══ Exercise input
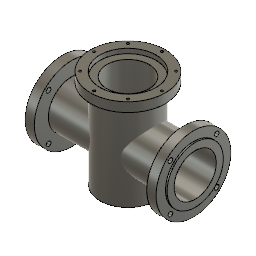
Task2d v0 (Autodesk Fusion 360 design; units mm, degrees)
Autodesk Fusion 360 part; units mm, degrees
sketch "Sketch1" plane through (0, 0, 0) normal (0, 1, 0) x (1, 0, 0)
  circle A0 centre (0, 0) radius 6
extrude "Extrude1" add sketch "Sketch1" along normal blind 20 makes body 1
sketch "Sketch2" plane through (0, 20, 0) normal (0, 1, 0) x (-1, 0, 0)
  circle A0 centre (0, 0) radius 6
  circle A1 centre (0, 0) radius 4.5
  dimension "d5" = 9
  constraint concentric A0 A1
  measures "d5" diameter of A1
extrude "Extrude2" cut sketch "Sketch2" against normal blind 19 contours A1 bodies 1
sketch "Sketch4" plane through (0, 20, 0) normal (0, 1, 0) x (-1, 0, 0)
  circle A0 centre (0, 0) radius 4.5
  circle A1 centre (0, 0) radius 6
  circle A2 centre (0, 0) radius 8
  dimension "d13" = 16
  constraint coincident A0.centre A1.centre
  measures "d13" diameter of A2
extrude "Extrude4" add sketch "Sketch4" along normal mid plane 2 contours A2 bodies 1
sketch "Sketch5" plane through (0, 21, 0) normal (0, 1, 0) x (-1, 0, 0)
  circle A0 centre (0, 0) radius 6
  circle A1 centre (0, 0) radius 8
  circle A2 centre (-0.03, -7.2499) radius 0.25
  circle A3 centre (-0.03, 7.2499) radius 0.25
  circle A4 centre (7.25, 0) radius 0.25
  circle A5 centre (-7.25, 0) radius 0.25
  line L0 (0, 0) -> (7.25, 0) construction
  circle A6 centre (-5.1265, 5.1265) radius 0.25
  circle A7 centre (5.1265, 5.1265) radius 0.25
  circle A8 centre (-5.1265, -5.1265) radius 0.25
  circle A9 centre (5.1265, -5.1265) radius 0.25
  dimension "d17" = 0.5
  dimension "d18" = 0.5
  dimension "d19" = 0.5
  dimension "d20" = 0.5
  dimension "d22" = 0.5
  dimension "d23" = 0.5
  dimension "d24" = 0.5
  dimension "d25" = 0.5
  constraint horizontal L0
  measures "d17" diameter of A2
  measures "d18" diameter of A3
  measures "d19" diameter of A4
  measures "d20" diameter of A5
  measures "d22" diameter of A6
  measures "d23" diameter of A7
  measures "d24" diameter of A8
  measures "d25" diameter of A9
extrude "Extrude5" cut sketch "Sketch5" against normal through all contours A2 | A3 | A4 | A5 | A6 | A7 | A8 | A9 bodies 1
sketch "Sketch6" plane through (0, 0, 0) normal (1, 0, 0) x (0, 0, -1)
fillet "Fillet1" radius 0.5 1 edges at (-5.594, 19, -2.1697) on bodies 1
sketch "Sketch7" plane through (0, 0, 0) normal (1, 0, 0) x (0, 0, -1)
sketch "Sketch8" plane through (0, 0, 0) normal (1, 0, 0) x (0, 0, -1)
  circle A0 centre (0, 9) radius 5
  dimension "d33" = 10
  measures "d33" diameter of A0
extrude "Extrude6" add sketch "Sketch8" along normal blind 12 separate body makes body 2
sketch "Sketch9" plane through (12, 0, 0) normal (1, 0, 0) x (0, 0, -1)
  circle A0 centre (0, 9) radius 5
  circle A1 centre (0, 9) radius 4.5
  dimension "d34" = 9
  constraint concentric A0 A1
  measures "d34" diameter of A1
extrude "Extrude7" cut sketch "Sketch9" against normal through all contours A1 bodies 1 2
sketch "Sketch10" plane through (12, 0, 0) normal (1, 0, 0) x (0, 0, -1)
  circle A0 centre (0, 9) radius 4.5
  circle A1 centre (0, 9) radius 5
  circle A2 centre (0, 9) radius 8
  dimension "d36" = 16
  constraint concentric A0 A2
  measures "d36" diameter of A2
extrude "Extrude8" add sketch "Sketch10" along normal blind 2 contours A2 bodies 2
sketch "Sketch11" plane through (14, 0, 0) normal (1, 0, 0) x (0, 0, -1)
  circle A0 centre (0, 9) radius 5
  circle A1 centre (0, 9) radius 8
  circle A2 centre (0, 9) radius 6
  dimension "d40" = 12
  constraint concentric A0 A2
  measures "d40" diameter of A2
extrude "Extrude9" add sketch "Sketch11" along normal blind 0.35 contours A2 bodies 2
extrude "Extrude10" add 1 faces at (12, 8.528, -4.798) along direction (1, 0, 0) blind 2.35 on bodies 2 bodies 2
mirror "Mirror2" about plane through (0, 0, 0) normal (-1, 0, 0) of bodies 2 1 makes body 3 at (-3.3389, 9.2106, 4.9852) makes body 4 at (-8, 8.7508, -4.9938)
sketch "Sketch13" plane through (0, 20, 0) normal (0, 1, 0) x (-1, 0, 0)
  circle A0 centre (0, 0) radius 4.5
  circle A1 centre (0, 0) radius 6
  circle A2 centre (0, 0) radius 4.5
  constraint concentric A0 A2
extrude "Extrude12" cut sketch "Sketch13" against normal blind 19 contours A0 A2 bodies 2 4
sketch "Sketch14" plane through (-14, 0, 0) normal (-1, 0, 0) x (0, 0, 1)
  circle A0 centre (0, 9) radius 6
  circle A1 centre (0, 9) radius 8
  line L0 (0, 9) -> (7, 9) construction
  circle A2 centre (4.9497, 13.9497) radius 0.5
  circle A3 centre (4.9497, 4.0503) radius 0.5
  circle A4 centre (-4.9497, 4.0503) radius 0.5
  circle A5 centre (-4.9497, 13.9497) radius 0.5
  constraint horizontal L0
extrude "Extrude13" cut sketch "Sketch14" against normal blind 2 contours A2 | A3 | A4 | A5 bodies 4
sketch "Sketch15" plane through (14, 0, 0) normal (1, 0, 0) x (0, 0, -1)
  circle A0 centre (0, 9) radius 6
  circle A1 centre (0, 9) radius 8
  circle A2 centre (4.9497, 13.9497) radius 0.5
  circle A3 centre (4.9497, 4.0503) radius 0.5
  circle A4 centre (-4.9497, 4.0503) radius 0.5
  circle A5 centre (-4.9497, 13.9497) radius 0.5
extrude "Extrude14" cut sketch "Sketch15" against normal blind 2 contours A2 | A3 | A4 | A5 bodies 2
════
> _Instructions for the task_
Leaving out the pictures, reproduce the whole listing above exactly.

> _Response_
Task2d v0 (Autodesk Fusion 360 design; units mm, degrees)
Autodesk Fusion 360 part; units mm, degrees
sketch "Sketch1" plane through (0, 0, 0) normal (0, 1, 0) x (1, 0, 0)
  circle A0 centre (0, 0) radius 6
extrude "Extrude1" add sketch "Sketch1" along normal blind 20 makes body 1
sketch "Sketch2" plane through (0, 20, 0) normal (0, 1, 0) x (-1, 0, 0)
  circle A0 centre (0, 0) radius 6
  circle A1 centre (0, 0) radius 4.5
  dimension "d5" = 9
  constraint concentric A0 A1
  measures "d5" diameter of A1
extrude "Extrude2" cut sketch "Sketch2" against normal blind 19 contours A1 bodies 1
sketch "Sketch4" plane through (0, 20, 0) normal (0, 1, 0) x (-1, 0, 0)
  circle A0 centre (0, 0) radius 4.5
  circle A1 centre (0, 0) radius 6
  circle A2 centre (0, 0) radius 8
  dimension "d13" = 16
  constraint coincident A0.centre A1.centre
  measures "d13" diameter of A2
extrude "Extrude4" add sketch "Sketch4" along normal mid plane 2 contours A2 bodies 1
sketch "Sketch5" plane through (0, 21, 0) normal (0, 1, 0) x (-1, 0, 0)
  circle A0 centre (0, 0) radius 6
  circle A1 centre (0, 0) radius 8
  circle A2 centre (-0.03, -7.2499) radius 0.25
  circle A3 centre (-0.03, 7.2499) radius 0.25
  circle A4 centre (7.25, 0) radius 0.25
  circle A5 centre (-7.25, 0) radius 0.25
  line L0 (0, 0) -> (7.25, 0) construction
  circle A6 centre (-5.1265, 5.1265) radius 0.25
  circle A7 centre (5.1265, 5.1265) radius 0.25
  circle A8 centre (-5.1265, -5.1265) radius 0.25
  circle A9 centre (5.1265, -5.1265) radius 0.25
  dimension "d17" = 0.5
  dimension "d18" = 0.5
  dimension "d19" = 0.5
  dimension "d20" = 0.5
  dimension "d22" = 0.5
  dimension "d23" = 0.5
  dimension "d24" = 0.5
  dimension "d25" = 0.5
  constraint horizontal L0
  measures "d17" diameter of A2
  measures "d18" diameter of A3
  measures "d19" diameter of A4
  measures "d20" diameter of A5
  measures "d22" diameter of A6
  measures "d23" diameter of A7
  measures "d24" diameter of A8
  measures "d25" diameter of A9
extrude "Extrude5" cut sketch "Sketch5" against normal through all contours A2 | A3 | A4 | A5 | A6 | A7 | A8 | A9 bodies 1
sketch "Sketch6" plane through (0, 0, 0) normal (1, 0, 0) x (0, 0, -1)
fillet "Fillet1" radius 0.5 1 edges at (-5.594, 19, -2.1697) on bodies 1
sketch "Sketch7" plane through (0, 0, 0) normal (1, 0, 0) x (0, 0, -1)
sketch "Sketch8" plane through (0, 0, 0) normal (1, 0, 0) x (0, 0, -1)
  circle A0 centre (0, 9) radius 5
  dimension "d33" = 10
  measures "d33" diameter of A0
extrude "Extrude6" add sketch "Sketch8" along normal blind 12 separate body makes body 2
sketch "Sketch9" plane through (12, 0, 0) normal (1, 0, 0) x (0, 0, -1)
  circle A0 centre (0, 9) radius 5
  circle A1 centre (0, 9) radius 4.5
  dimension "d34" = 9
  constraint concentric A0 A1
  measures "d34" diameter of A1
extrude "Extrude7" cut sketch "Sketch9" against normal through all contours A1 bodies 1 2
sketch "Sketch10" plane through (12, 0, 0) normal (1, 0, 0) x (0, 0, -1)
  circle A0 centre (0, 9) radius 4.5
  circle A1 centre (0, 9) radius 5
  circle A2 centre (0, 9) radius 8
  dimension "d36" = 16
  constraint concentric A0 A2
  measures "d36" diameter of A2
extrude "Extrude8" add sketch "Sketch10" along normal blind 2 contours A2 bodies 2
sketch "Sketch11" plane through (14, 0, 0) normal (1, 0, 0) x (0, 0, -1)
  circle A0 centre (0, 9) radius 5
  circle A1 centre (0, 9) radius 8
  circle A2 centre (0, 9) radius 6
  dimension "d40" = 12
  constraint concentric A0 A2
  measures "d40" diameter of A2
extrude "Extrude9" add sketch "Sketch11" along normal blind 0.35 contours A2 bodies 2
extrude "Extrude10" add 1 faces at (12, 8.528, -4.798) along direction (1, 0, 0) blind 2.35 on bodies 2 bodies 2
mirror "Mirror2" about plane through (0, 0, 0) normal (-1, 0, 0) of bodies 2 1 makes body 3 at (-3.3389, 9.2106, 4.9852) makes body 4 at (-8, 8.7508, -4.9938)
sketch "Sketch13" plane through (0, 20, 0) normal (0, 1, 0) x (-1, 0, 0)
  circle A0 centre (0, 0) radius 4.5
  circle A1 centre (0, 0) radius 6
  circle A2 centre (0, 0) radius 4.5
  constraint concentric A0 A2
extrude "Extrude12" cut sketch "Sketch13" against normal blind 19 contours A0 A2 bodies 2 4
sketch "Sketch14" plane through (-14, 0, 0) normal (-1, 0, 0) x (0, 0, 1)
  circle A0 centre (0, 9) radius 6
  circle A1 centre (0, 9) radius 8
  line L0 (0, 9) -> (7, 9) construction
  circle A2 centre (4.9497, 13.9497) radius 0.5
  circle A3 centre (4.9497, 4.0503) radius 0.5
  circle A4 centre (-4.9497, 4.0503) radius 0.5
  circle A5 centre (-4.9497, 13.9497) radius 0.5
  constraint horizontal L0
extrude "Extrude13" cut sketch "Sketch14" against normal blind 2 contours A2 | A3 | A4 | A5 bodies 4
sketch "Sketch15" plane through (14, 0, 0) normal (1, 0, 0) x (0, 0, -1)
  circle A0 centre (0, 9) radius 6
  circle A1 centre (0, 9) radius 8
  circle A2 centre (4.9497, 13.9497) radius 0.5
  circle A3 centre (4.9497, 4.0503) radius 0.5
  circle A4 centre (-4.9497, 4.0503) radius 0.5
  circle A5 centre (-4.9497, 13.9497) radius 0.5
extrude "Extrude14" cut sketch "Sketch15" against normal blind 2 contours A2 | A3 | A4 | A5 bodies 2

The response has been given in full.